(DATA FOR REVIEW begins)
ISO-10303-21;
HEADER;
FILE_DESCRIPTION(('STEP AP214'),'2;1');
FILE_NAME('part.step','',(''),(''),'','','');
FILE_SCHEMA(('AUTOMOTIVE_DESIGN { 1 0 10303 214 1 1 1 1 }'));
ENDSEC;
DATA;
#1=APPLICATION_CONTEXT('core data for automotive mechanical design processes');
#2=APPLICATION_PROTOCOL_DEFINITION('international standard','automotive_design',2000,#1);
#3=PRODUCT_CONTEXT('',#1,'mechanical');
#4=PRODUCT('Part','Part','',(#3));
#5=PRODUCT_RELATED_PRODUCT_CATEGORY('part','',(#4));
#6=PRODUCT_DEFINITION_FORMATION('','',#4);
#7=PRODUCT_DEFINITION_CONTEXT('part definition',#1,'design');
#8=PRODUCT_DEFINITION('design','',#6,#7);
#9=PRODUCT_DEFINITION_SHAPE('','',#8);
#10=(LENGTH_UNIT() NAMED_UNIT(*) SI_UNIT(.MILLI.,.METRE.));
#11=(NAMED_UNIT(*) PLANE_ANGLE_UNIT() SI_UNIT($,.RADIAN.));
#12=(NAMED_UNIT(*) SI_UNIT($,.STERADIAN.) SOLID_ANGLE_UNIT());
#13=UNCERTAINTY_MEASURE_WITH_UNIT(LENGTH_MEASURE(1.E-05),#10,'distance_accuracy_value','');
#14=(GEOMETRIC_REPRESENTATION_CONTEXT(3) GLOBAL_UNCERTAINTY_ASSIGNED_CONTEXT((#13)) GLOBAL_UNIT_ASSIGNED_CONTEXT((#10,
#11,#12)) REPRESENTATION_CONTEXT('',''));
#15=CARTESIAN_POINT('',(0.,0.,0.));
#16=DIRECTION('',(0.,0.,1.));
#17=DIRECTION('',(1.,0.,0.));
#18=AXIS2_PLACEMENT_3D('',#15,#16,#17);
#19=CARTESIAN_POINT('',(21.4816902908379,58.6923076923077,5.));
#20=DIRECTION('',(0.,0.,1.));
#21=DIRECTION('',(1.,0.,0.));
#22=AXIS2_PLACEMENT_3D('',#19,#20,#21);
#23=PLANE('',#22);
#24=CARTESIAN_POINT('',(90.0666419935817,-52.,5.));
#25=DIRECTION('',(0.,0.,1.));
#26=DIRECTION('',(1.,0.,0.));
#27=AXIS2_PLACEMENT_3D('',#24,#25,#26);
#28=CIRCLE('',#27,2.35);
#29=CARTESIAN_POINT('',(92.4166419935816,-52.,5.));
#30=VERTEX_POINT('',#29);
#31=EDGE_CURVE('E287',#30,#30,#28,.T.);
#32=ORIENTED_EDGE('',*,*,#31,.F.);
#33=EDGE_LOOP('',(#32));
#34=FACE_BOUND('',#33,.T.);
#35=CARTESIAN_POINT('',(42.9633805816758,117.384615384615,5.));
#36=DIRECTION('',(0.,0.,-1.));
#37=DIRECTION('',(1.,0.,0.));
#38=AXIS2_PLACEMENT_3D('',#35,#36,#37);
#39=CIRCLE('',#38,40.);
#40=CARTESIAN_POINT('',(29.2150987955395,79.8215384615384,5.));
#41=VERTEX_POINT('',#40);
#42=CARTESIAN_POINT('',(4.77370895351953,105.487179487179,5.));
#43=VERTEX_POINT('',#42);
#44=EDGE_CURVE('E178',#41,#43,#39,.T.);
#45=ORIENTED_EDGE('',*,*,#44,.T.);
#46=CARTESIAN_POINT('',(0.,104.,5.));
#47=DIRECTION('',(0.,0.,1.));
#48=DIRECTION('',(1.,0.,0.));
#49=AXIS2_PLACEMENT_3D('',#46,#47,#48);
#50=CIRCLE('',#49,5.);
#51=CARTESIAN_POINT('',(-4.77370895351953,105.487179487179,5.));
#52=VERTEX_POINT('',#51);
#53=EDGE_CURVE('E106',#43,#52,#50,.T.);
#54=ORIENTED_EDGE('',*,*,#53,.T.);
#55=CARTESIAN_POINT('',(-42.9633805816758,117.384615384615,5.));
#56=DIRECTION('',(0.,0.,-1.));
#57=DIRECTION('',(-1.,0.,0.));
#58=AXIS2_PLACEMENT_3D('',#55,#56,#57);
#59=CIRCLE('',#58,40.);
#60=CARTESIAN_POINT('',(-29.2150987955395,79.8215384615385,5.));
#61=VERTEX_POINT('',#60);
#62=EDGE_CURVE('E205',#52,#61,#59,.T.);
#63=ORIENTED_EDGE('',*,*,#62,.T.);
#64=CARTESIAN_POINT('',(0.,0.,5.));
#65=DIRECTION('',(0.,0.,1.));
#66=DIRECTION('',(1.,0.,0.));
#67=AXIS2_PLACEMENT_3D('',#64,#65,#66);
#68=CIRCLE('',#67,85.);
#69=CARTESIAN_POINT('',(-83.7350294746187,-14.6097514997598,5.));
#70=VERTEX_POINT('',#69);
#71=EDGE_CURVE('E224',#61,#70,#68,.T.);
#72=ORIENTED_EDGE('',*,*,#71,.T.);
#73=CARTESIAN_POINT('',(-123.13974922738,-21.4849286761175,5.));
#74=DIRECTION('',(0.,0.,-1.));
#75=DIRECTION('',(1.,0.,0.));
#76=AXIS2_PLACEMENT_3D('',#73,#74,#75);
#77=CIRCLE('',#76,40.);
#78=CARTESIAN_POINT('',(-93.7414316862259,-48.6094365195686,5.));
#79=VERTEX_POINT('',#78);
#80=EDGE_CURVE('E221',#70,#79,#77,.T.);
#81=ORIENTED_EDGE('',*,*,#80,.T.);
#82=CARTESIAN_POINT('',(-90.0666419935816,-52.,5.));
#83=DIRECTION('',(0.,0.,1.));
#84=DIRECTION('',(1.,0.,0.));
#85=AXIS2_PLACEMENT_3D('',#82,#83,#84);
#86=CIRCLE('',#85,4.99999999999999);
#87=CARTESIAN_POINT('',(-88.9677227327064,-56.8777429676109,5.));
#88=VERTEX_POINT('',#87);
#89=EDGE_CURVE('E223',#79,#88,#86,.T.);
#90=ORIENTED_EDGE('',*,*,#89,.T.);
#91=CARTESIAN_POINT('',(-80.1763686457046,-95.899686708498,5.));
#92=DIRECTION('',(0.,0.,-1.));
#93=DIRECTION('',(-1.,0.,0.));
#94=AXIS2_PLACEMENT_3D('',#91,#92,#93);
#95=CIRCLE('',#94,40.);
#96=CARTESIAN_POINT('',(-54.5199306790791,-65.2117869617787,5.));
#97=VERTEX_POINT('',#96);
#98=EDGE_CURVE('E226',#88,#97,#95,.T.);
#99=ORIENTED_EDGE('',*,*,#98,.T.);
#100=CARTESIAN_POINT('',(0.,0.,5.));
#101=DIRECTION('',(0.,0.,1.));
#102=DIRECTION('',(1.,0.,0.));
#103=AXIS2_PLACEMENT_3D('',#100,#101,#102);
(DATA FOR REVIEW ends)
When the line with "#4=PRODUCT('Part','Part','',(#3));" is reached in the data above, begin copying, and stop after the line with "#30=VERTEX_POINT('',#29);"; copy each line exactly, both ends included.

#4=PRODUCT('Part','Part','',(#3));
#5=PRODUCT_RELATED_PRODUCT_CATEGORY('part','',(#4));
#6=PRODUCT_DEFINITION_FORMATION('','',#4);
#7=PRODUCT_DEFINITION_CONTEXT('part definition',#1,'design');
#8=PRODUCT_DEFINITION('design','',#6,#7);
#9=PRODUCT_DEFINITION_SHAPE('','',#8);
#10=(LENGTH_UNIT() NAMED_UNIT(*) SI_UNIT(.MILLI.,.METRE.));
#11=(NAMED_UNIT(*) PLANE_ANGLE_UNIT() SI_UNIT($,.RADIAN.));
#12=(NAMED_UNIT(*) SI_UNIT($,.STERADIAN.) SOLID_ANGLE_UNIT());
#13=UNCERTAINTY_MEASURE_WITH_UNIT(LENGTH_MEASURE(1.E-05),#10,'distance_accuracy_value','');
#14=(GEOMETRIC_REPRESENTATION_CONTEXT(3) GLOBAL_UNCERTAINTY_ASSIGNED_CONTEXT((#13)) GLOBAL_UNIT_ASSIGNED_CONTEXT((#10,
#11,#12)) REPRESENTATION_CONTEXT('',''));
#15=CARTESIAN_POINT('',(0.,0.,0.));
#16=DIRECTION('',(0.,0.,1.));
#17=DIRECTION('',(1.,0.,0.));
#18=AXIS2_PLACEMENT_3D('',#15,#16,#17);
#19=CARTESIAN_POINT('',(21.4816902908379,58.6923076923077,5.));
#20=DIRECTION('',(0.,0.,1.));
#21=DIRECTION('',(1.,0.,0.));
#22=AXIS2_PLACEMENT_3D('',#19,#20,#21);
#23=PLANE('',#22);
#24=CARTESIAN_POINT('',(90.0666419935817,-52.,5.));
#25=DIRECTION('',(0.,0.,1.));
#26=DIRECTION('',(1.,0.,0.));
#27=AXIS2_PLACEMENT_3D('',#24,#25,#26);
#28=CIRCLE('',#27,2.35);
#29=CARTESIAN_POINT('',(92.4166419935816,-52.,5.));
#30=VERTEX_POINT('',#29);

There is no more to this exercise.